I am trying to merge two dataframes based on matches between pairs of column values. However, the column values are not exact from one dataframe to the next. The pairs are coordinates using the Swiss coordinate system, but measured from a slightly different reference point in each df.
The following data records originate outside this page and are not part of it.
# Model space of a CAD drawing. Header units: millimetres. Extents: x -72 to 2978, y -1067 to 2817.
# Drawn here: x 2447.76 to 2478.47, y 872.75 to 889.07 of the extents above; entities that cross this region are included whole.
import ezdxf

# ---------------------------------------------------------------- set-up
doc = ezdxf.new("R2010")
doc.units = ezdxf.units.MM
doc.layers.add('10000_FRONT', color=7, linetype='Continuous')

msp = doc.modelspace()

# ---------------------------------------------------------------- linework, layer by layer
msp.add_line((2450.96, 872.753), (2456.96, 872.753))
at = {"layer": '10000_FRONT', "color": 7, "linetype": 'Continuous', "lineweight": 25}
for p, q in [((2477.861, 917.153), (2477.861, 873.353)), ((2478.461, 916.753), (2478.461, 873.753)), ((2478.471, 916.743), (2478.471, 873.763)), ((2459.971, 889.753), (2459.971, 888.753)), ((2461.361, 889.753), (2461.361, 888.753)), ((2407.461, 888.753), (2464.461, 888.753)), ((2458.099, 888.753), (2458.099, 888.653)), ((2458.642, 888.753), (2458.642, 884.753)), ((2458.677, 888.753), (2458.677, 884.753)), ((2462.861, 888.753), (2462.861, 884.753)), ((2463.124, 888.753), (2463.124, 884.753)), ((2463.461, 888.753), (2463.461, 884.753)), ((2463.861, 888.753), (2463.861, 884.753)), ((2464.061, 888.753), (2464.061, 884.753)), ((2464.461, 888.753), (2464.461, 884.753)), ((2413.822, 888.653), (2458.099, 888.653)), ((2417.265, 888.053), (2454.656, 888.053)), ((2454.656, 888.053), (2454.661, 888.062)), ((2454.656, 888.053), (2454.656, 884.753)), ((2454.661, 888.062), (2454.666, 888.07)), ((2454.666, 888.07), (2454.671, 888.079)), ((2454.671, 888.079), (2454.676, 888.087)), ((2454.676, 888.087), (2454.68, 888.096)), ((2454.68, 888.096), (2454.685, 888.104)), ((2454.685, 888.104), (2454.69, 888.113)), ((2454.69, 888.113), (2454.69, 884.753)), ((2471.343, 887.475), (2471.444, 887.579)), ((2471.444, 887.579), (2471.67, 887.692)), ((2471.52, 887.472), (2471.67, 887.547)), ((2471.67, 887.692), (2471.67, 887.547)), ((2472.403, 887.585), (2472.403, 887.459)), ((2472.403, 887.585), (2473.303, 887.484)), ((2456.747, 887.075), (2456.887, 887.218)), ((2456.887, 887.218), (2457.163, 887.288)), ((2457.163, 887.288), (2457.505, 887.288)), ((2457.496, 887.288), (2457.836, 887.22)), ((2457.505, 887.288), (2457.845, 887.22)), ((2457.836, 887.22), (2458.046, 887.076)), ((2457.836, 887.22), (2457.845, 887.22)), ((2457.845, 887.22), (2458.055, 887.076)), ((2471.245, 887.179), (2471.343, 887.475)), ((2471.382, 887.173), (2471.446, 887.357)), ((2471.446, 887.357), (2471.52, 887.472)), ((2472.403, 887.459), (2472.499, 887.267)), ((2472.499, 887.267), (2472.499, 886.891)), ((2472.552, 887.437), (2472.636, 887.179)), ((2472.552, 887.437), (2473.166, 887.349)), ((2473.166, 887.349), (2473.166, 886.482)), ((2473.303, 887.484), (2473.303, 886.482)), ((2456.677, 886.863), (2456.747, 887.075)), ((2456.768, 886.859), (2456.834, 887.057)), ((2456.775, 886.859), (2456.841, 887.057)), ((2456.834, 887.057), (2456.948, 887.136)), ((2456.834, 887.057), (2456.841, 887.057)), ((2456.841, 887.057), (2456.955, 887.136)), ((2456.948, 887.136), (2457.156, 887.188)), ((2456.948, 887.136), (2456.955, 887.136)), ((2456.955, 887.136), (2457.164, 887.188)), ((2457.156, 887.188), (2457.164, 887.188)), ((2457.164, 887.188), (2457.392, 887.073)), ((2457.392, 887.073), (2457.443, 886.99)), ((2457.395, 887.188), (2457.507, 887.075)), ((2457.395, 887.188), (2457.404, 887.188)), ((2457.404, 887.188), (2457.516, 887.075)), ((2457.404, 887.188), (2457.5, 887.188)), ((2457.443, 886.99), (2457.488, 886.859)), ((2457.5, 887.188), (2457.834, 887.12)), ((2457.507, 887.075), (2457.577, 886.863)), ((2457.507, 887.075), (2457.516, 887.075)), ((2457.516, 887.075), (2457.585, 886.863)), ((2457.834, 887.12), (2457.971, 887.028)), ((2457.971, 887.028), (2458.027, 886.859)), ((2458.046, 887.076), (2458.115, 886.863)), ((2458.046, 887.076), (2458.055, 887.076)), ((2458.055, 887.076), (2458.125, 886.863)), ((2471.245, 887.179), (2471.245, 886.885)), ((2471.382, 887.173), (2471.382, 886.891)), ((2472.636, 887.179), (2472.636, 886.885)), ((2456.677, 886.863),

This stackoverflow thread How to find the distance between 2 points in 2 different dataframes in pandas? seems to be a related query, but unfortunately I don't fully understand the response.
Example for my data:
df1 = pd.DataFrame({'Ecode': [2669827.294, 2669634.483, 2669766.266, 2669960.683],
'Ncode': [1261034.528, 1262412.587, 1261209.646, 1262550.374],
'shape': ['square', 'square', 'triangle', 'circle']})
df1
Ecode Ncode shape
0 2669827.294 1261034.528 square
1 2669634.483 1262412.587 square
2 2669766.266 1261209.646 triangle
3 2669960.683 1262550.374 circle
df2 = pd.DataFrame({'CoorE': [2669636, 2669765, 2669827, 2669961],
'CoorN': [1262413, 1261211, 1261032, 1262550],
'color': ['purple', 'blue', 'blue', 'yellow']})
df2
CoorE CoorN color
0 2669636 1262413 purple
1 2669765 1261211 blue
2 2669827 1261032 blue
3 2669961 1262550 yellow
I have data I would like to compare located with both sets of coordinates (ex. 'shape' and 'color'). My desired outcome matches the column pairs on the closest match:
CoorE CoorN color shape
0 2669636 1262413 purple square
1 2669765 1261211 blue triangle
2 2669827 1261032 blue square
3 2669961 1262550 yellow circle
Is there a way to do this? I have tried to use merge_asof but realized it can't key on two variables. I have also seen threads computing this based on latitude and longitude. I can write a function that treats CoorE/CoorN and Ecode/Ncode as x/y coordinates, and calculates the distance between a pair of coordinates (probably there is a better way, but I am new to this):
import math
def calculateDistance(x1,y1,x2,y2):
dist = math.sqrt((x2 - x1)**2 + (y2 - y1)**2)
return dist
print calculateDistance(x1, y1, x2, y2)
or something like this, but can't figure out how to use this kind of function to compare and match coordinate pairs from two separate dataframes based on least distance. The real data set is also about 3 million entries, and I'm wondering what the least memory intensive way to do this would be.